Bob, get out of the sun now! and drink about a gallon of gatorade.


----------



## BobsLandscaping (May 25, 2009)

I've never hung sheetrock in my life, so I honestly wouldn't know how it's supposed to look. Doesn't a coat of "bondo" go over the sheetrock to make it smooth? Or textured as the case may be. Could you possible post a picture of properly hung sheetrock for comparison purposes?


----------



## neolitic (Apr 20, 2006)

BobsLandscaping said:


> I've never hung sheetrock in my life, so I honestly wouldn't know how it's supposed to look. Doesn't a coat of "bondo" go over the sheetrock to make it smooth? Or textured as the case may be. Could you possible post a picture of properly hung sheetrock for comparison purposes?


We try not to Bondo our drywall
east of the Mississippi! :laughing:

http://www.3m.com/US/auto_marine_aero/Bondo/


----------



## CScalf (Dec 18, 2008)

I can see that being a problem if he isn't finishing it, but if he is finishing it himself, he will soon learn to either let someone who knows what they are doing handle it, or do it right the first time, maybe he actually thinks it is supposed to be like that? Maybe he wasn't ever properly trained. I know a guy that thinks the walls are to be hung first, and that you don't stagger the seams on the ceiling because it is too much moving around instead of just one straight line


----------



## willworkforbeer (Mar 7, 2009)

CScalf said:


> I can see that being a problem if he isn't finishing it, but if he is finishing it himself, he will soon learn to either let someone who knows what they are doing handle it, or do it right the first time


This explains why he told me he'd hang it but wouldnt finish it because he hated it. He's my neighbor so I said nothing. Will not try to get him anymore work though.


----------



## Mike Finley (Apr 28, 2004)

BobsLandscaping said:


> I've never hung sheetrock in my life, so I honestly wouldn't know how it's supposed to look. Doesn't a coat of "bondo" go over the sheetrock to make it smooth? Or textured as the case may be. Could you possible post a picture of properly hung sheetrock for comparison purposes?

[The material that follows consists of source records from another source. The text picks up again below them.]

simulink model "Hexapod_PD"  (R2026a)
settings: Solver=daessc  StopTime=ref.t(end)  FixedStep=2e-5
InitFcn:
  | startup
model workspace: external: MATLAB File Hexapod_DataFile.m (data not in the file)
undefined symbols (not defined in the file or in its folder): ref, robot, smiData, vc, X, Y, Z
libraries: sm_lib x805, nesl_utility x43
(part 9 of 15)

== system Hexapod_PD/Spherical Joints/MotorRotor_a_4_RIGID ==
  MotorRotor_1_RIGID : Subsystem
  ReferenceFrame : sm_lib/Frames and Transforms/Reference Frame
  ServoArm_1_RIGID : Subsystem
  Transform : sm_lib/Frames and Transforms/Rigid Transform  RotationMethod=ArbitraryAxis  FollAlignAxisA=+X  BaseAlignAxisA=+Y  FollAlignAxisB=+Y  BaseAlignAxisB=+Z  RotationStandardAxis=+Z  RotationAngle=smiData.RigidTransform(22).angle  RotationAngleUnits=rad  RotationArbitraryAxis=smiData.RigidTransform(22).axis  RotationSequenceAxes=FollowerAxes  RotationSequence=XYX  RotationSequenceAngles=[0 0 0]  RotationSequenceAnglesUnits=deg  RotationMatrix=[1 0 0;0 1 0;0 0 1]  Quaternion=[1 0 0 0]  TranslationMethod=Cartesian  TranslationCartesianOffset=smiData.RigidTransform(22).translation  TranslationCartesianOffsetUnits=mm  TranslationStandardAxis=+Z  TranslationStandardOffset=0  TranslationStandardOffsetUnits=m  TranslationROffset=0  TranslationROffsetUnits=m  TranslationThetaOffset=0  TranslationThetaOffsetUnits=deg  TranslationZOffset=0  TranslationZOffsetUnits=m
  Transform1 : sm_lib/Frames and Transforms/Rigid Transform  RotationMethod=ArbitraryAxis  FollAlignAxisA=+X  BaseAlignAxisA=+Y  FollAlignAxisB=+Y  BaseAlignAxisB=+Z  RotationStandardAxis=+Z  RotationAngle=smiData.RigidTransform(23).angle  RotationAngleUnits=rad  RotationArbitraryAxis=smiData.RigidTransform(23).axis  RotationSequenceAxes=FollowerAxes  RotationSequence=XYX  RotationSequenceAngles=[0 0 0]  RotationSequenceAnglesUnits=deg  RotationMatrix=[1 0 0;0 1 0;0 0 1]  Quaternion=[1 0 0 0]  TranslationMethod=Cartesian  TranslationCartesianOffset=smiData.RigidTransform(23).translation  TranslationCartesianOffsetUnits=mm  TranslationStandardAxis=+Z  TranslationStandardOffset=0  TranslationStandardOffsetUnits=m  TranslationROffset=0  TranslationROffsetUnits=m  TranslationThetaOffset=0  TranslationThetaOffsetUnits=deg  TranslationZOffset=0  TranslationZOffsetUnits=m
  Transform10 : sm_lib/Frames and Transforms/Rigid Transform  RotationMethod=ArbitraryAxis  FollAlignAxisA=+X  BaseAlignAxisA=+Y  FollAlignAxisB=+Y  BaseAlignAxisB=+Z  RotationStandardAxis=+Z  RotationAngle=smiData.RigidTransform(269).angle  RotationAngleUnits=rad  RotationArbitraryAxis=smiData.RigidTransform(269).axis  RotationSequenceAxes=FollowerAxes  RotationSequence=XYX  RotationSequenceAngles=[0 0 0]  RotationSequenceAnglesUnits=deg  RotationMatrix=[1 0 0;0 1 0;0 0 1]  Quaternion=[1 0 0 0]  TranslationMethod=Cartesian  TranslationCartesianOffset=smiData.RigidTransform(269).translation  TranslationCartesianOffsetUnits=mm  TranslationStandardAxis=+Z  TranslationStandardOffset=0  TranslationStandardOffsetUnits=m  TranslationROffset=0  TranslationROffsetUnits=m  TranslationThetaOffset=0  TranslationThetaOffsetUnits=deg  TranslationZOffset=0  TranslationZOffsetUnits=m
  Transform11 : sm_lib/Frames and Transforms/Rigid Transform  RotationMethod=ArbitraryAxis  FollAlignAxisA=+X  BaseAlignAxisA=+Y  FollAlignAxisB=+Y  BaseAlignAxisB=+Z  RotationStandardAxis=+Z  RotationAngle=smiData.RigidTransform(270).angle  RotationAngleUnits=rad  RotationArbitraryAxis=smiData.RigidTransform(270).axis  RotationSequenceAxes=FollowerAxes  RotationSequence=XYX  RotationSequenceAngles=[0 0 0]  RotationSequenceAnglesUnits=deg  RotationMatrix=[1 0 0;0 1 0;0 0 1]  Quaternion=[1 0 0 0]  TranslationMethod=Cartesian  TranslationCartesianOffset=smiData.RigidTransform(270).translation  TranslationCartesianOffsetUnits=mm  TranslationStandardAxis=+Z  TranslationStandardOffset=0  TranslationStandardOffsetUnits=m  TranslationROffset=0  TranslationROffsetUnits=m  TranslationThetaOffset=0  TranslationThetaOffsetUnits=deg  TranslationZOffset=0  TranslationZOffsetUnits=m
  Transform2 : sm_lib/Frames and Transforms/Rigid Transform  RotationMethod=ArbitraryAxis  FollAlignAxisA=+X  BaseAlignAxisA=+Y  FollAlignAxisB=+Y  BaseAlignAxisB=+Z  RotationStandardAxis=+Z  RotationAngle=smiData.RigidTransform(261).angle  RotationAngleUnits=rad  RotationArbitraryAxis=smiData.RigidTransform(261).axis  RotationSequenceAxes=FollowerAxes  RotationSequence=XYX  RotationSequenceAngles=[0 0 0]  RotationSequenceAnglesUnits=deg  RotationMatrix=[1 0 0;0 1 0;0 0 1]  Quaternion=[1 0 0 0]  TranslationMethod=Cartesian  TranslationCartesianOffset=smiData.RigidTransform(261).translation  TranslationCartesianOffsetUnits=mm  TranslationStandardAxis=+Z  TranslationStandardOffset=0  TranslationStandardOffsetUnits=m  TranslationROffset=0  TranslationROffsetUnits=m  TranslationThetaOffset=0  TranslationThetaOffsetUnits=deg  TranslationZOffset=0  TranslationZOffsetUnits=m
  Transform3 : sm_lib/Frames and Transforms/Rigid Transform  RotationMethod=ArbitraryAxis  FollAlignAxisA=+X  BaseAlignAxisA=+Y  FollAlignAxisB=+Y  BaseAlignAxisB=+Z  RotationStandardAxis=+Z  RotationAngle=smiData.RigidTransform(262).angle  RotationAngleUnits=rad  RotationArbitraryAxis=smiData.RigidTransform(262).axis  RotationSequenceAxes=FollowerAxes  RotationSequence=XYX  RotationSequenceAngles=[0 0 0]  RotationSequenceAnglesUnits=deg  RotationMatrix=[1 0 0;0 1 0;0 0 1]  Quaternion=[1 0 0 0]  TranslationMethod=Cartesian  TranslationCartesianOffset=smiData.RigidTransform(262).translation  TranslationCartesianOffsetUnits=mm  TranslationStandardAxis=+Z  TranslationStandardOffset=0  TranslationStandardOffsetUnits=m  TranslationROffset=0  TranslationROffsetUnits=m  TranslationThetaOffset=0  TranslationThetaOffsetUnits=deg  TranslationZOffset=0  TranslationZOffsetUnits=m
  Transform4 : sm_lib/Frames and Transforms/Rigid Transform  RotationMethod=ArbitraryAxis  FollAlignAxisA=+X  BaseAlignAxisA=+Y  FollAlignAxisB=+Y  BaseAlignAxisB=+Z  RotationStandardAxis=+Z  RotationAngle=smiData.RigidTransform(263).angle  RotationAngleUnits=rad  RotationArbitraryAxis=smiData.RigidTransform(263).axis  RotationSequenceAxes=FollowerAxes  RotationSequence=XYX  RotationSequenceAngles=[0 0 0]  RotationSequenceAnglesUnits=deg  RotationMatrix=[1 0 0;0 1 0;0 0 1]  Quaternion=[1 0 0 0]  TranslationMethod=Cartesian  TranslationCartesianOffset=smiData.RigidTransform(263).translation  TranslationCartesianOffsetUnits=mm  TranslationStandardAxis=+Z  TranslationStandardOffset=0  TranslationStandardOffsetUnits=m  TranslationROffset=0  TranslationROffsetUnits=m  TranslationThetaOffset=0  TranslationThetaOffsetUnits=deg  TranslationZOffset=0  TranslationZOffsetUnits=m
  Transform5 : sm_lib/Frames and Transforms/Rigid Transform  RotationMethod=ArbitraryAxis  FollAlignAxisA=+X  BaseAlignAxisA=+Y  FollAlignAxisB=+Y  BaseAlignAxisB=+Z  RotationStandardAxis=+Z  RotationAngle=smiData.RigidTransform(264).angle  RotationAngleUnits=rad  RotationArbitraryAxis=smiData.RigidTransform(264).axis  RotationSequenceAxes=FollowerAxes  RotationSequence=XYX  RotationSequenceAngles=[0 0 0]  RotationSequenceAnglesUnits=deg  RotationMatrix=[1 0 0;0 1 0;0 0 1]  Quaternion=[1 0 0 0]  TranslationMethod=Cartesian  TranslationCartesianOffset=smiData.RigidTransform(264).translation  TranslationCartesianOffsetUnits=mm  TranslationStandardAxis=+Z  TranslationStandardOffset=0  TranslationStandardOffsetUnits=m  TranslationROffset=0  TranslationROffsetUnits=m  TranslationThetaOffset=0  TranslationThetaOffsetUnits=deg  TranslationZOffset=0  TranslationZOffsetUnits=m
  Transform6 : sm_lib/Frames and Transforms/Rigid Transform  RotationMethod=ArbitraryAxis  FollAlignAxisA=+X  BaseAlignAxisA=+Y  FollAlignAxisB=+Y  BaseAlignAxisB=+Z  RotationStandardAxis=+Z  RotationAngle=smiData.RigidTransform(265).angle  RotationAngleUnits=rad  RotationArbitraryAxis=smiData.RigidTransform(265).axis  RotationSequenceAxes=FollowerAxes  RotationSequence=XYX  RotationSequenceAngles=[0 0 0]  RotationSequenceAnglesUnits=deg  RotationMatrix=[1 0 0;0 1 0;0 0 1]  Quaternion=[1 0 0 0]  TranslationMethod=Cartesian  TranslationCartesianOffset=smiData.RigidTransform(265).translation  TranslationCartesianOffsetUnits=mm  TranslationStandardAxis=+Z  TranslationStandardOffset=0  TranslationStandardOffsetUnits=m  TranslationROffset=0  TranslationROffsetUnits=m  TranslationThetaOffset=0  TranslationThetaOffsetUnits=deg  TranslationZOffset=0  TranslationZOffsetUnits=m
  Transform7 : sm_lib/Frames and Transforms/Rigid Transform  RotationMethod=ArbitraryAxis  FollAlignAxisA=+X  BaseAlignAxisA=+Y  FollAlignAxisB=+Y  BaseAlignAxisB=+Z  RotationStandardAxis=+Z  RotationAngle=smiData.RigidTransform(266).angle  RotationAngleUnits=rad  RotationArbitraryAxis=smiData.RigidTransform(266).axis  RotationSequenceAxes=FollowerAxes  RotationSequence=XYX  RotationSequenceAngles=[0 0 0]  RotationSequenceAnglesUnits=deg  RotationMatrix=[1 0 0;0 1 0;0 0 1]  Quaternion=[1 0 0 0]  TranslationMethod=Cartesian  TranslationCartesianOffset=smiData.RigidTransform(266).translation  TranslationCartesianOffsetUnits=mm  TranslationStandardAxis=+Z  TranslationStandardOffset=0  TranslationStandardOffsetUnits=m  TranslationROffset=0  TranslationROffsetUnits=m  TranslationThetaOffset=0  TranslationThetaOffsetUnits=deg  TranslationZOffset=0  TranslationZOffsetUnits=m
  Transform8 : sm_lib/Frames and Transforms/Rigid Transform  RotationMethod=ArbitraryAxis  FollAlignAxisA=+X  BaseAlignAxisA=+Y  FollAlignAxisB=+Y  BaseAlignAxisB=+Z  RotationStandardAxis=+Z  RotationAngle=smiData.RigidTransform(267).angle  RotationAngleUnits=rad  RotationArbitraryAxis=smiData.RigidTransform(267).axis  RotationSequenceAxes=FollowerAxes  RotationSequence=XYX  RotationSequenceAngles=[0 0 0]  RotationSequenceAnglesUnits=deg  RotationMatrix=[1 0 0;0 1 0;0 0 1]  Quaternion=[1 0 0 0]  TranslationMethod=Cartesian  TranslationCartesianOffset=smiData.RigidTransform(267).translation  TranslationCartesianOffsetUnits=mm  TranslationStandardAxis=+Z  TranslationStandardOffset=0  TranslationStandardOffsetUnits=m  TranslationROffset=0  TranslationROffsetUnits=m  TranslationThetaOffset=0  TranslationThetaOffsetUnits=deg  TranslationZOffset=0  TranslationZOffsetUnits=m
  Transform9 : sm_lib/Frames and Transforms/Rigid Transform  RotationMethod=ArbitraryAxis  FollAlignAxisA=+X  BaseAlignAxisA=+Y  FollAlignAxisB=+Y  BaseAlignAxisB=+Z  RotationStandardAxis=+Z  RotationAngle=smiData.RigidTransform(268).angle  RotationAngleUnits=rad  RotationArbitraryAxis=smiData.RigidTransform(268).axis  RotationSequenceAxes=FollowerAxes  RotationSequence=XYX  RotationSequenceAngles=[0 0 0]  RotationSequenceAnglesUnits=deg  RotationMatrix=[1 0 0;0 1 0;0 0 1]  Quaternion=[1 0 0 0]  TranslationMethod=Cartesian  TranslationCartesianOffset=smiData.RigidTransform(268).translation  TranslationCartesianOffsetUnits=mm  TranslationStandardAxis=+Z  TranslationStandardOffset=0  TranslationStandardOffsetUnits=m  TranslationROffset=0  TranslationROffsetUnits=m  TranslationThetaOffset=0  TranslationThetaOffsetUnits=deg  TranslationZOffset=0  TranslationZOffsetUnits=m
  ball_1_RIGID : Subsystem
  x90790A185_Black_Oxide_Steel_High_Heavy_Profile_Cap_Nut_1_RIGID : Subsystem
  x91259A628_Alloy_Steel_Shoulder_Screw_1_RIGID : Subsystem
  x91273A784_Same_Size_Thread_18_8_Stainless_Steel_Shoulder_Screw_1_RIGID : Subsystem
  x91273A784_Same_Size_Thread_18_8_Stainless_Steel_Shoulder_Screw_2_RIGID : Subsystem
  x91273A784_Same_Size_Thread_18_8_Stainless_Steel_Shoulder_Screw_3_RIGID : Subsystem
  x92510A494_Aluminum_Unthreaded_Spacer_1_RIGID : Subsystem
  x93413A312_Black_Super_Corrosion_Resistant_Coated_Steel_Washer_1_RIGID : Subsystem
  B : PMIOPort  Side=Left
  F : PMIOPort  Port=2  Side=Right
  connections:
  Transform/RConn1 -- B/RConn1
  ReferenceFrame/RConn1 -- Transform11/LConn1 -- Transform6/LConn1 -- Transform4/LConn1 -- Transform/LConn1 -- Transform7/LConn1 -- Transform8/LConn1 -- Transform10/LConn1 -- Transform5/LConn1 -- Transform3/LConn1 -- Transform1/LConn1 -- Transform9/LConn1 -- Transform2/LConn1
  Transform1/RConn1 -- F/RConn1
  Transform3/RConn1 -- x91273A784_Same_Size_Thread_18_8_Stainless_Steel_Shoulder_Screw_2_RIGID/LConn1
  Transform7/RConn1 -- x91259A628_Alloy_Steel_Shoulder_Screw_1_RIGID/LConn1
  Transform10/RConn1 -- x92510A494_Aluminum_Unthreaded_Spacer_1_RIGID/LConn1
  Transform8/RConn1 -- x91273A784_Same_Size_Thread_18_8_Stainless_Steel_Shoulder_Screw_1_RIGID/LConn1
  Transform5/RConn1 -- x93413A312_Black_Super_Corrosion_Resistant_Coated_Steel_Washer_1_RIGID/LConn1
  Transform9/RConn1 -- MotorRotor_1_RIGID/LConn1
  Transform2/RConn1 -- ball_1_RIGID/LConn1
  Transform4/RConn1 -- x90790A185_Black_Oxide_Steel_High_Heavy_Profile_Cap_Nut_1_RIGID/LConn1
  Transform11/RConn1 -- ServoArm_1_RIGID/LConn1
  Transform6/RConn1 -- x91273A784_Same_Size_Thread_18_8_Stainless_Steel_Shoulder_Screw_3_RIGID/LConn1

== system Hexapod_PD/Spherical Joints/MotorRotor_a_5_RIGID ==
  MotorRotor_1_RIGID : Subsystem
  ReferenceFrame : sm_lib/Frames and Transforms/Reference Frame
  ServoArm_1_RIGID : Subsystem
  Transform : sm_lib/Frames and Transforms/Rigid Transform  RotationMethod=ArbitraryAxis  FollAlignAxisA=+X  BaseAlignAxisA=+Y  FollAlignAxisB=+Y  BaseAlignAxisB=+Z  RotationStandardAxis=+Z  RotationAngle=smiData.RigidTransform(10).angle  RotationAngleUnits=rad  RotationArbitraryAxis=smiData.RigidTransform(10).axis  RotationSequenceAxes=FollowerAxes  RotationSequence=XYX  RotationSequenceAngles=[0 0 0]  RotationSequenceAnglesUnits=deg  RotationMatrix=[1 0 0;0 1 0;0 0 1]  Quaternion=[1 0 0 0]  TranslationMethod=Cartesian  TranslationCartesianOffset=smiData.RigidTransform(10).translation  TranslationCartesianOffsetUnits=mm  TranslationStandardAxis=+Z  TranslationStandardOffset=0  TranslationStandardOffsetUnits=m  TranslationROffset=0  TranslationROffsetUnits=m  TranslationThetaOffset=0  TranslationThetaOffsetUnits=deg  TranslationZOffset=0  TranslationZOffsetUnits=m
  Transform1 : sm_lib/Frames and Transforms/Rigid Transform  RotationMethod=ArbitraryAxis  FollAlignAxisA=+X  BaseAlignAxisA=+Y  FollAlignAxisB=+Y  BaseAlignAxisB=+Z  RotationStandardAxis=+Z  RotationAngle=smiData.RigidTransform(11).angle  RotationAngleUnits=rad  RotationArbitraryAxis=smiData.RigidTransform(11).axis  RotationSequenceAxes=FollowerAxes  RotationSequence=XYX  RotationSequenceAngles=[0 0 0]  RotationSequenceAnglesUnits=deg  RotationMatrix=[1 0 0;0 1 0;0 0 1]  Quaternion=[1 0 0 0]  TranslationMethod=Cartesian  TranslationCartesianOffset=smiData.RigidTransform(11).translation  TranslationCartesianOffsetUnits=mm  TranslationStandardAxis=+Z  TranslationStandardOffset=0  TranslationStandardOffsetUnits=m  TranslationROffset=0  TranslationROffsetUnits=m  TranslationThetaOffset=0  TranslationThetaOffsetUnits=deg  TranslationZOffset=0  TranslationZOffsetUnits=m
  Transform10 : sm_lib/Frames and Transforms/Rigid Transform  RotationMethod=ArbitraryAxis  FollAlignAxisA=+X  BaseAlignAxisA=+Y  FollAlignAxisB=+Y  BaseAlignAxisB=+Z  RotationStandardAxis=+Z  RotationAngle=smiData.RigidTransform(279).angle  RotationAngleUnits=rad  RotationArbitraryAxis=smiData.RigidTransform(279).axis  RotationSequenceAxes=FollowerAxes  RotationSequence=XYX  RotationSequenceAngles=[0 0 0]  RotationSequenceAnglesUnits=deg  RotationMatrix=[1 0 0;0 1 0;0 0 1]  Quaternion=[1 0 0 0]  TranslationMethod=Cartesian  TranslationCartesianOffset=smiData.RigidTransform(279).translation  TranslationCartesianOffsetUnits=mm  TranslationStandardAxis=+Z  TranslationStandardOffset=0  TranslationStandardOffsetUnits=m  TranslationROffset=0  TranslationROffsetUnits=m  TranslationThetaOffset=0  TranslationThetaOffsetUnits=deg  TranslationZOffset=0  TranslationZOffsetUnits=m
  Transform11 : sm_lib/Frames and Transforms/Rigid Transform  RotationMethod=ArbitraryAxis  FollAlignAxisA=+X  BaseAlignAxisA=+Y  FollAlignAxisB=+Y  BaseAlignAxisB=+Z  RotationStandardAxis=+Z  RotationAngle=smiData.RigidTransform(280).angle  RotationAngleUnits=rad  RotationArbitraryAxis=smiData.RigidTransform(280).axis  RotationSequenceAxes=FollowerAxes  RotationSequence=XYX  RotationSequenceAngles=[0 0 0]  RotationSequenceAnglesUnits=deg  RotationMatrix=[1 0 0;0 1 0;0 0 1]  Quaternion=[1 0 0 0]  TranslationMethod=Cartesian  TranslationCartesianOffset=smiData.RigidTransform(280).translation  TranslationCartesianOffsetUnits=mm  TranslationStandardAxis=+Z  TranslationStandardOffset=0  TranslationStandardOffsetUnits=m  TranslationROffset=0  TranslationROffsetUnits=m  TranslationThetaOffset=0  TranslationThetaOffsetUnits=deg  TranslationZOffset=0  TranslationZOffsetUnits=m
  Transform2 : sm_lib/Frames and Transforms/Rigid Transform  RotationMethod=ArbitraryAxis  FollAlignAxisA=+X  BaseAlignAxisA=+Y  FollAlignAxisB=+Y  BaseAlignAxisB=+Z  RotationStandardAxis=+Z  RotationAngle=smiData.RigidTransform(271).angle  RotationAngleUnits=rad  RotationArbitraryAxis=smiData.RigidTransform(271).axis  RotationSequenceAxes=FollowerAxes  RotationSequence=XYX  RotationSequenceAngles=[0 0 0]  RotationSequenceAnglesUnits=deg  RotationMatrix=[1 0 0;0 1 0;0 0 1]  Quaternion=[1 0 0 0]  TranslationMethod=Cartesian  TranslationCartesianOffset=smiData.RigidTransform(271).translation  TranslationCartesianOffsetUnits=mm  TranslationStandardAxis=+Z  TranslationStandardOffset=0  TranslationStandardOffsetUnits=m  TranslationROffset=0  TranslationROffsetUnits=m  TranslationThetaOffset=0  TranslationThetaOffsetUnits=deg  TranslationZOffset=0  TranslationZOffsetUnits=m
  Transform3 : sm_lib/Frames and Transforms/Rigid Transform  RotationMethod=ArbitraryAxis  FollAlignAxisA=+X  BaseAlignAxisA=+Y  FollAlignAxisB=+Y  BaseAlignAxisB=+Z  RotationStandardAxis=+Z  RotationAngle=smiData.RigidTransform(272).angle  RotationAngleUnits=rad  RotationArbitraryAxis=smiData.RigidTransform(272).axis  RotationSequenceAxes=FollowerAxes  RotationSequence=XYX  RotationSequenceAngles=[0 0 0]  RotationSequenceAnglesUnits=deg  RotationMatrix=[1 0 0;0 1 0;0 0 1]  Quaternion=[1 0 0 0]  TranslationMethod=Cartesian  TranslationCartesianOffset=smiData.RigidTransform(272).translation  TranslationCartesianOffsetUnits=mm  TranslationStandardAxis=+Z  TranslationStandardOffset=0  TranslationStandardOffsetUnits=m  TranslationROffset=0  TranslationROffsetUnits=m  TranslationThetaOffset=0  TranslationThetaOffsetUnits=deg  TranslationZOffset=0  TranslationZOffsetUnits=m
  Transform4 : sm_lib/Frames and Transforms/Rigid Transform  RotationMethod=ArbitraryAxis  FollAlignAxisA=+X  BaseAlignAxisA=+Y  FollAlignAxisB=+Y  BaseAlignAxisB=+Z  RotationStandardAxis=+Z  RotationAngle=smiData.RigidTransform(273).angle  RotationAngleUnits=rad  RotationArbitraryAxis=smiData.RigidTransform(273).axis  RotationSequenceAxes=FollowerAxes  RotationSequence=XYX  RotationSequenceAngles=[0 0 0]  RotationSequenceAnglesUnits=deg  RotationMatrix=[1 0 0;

This is the proper way, see how all the seems are nice and tight. :whistling


----------



## willworkforbeer (Mar 7, 2009)

Mike Finley said:


> This is the proper way, see how all the seems are nice and tight. :whistling


They got sheetrock rationing over there in Colorado? :laughing:

Next up, mud & tape shortages.


----------



## neolitic (Apr 20, 2006)

Mike Finley said:


> This is the proper way, see how all the seems are nice and tight. :whistling


I like the stud location system
under the window. :thumbsup:


----------



## Mike Finley (Apr 28, 2004)

neolitic said:


> I like the stud location system
> under the window. :thumbsup:


Actually I was trying to locate the header.


----------



## thom (Nov 3, 2006)

It looks to me like the problems started before the hanger started. There shouldn't be devices in the electric boxes and the window frame disallows continuous drywall installation. 

Certainly the hanging was sloppy and there are not nearly enough fasteners, but the problems on that job predate the hanging of sheetrock. From the looks of your pictures, and what is actually visible, I'd bet that the sheetrock is hiding more problems than were created by the sloppy hanging job. 

The first electrical box (steel, switch) appears to be improperly installed and improperly grounded.
The second electrical box (plastic, switch) appears to be poorly installed (crooked) and the switch is not grounded.
The third electrical box (plastic, receptacle) has the romex improperly run into the box. 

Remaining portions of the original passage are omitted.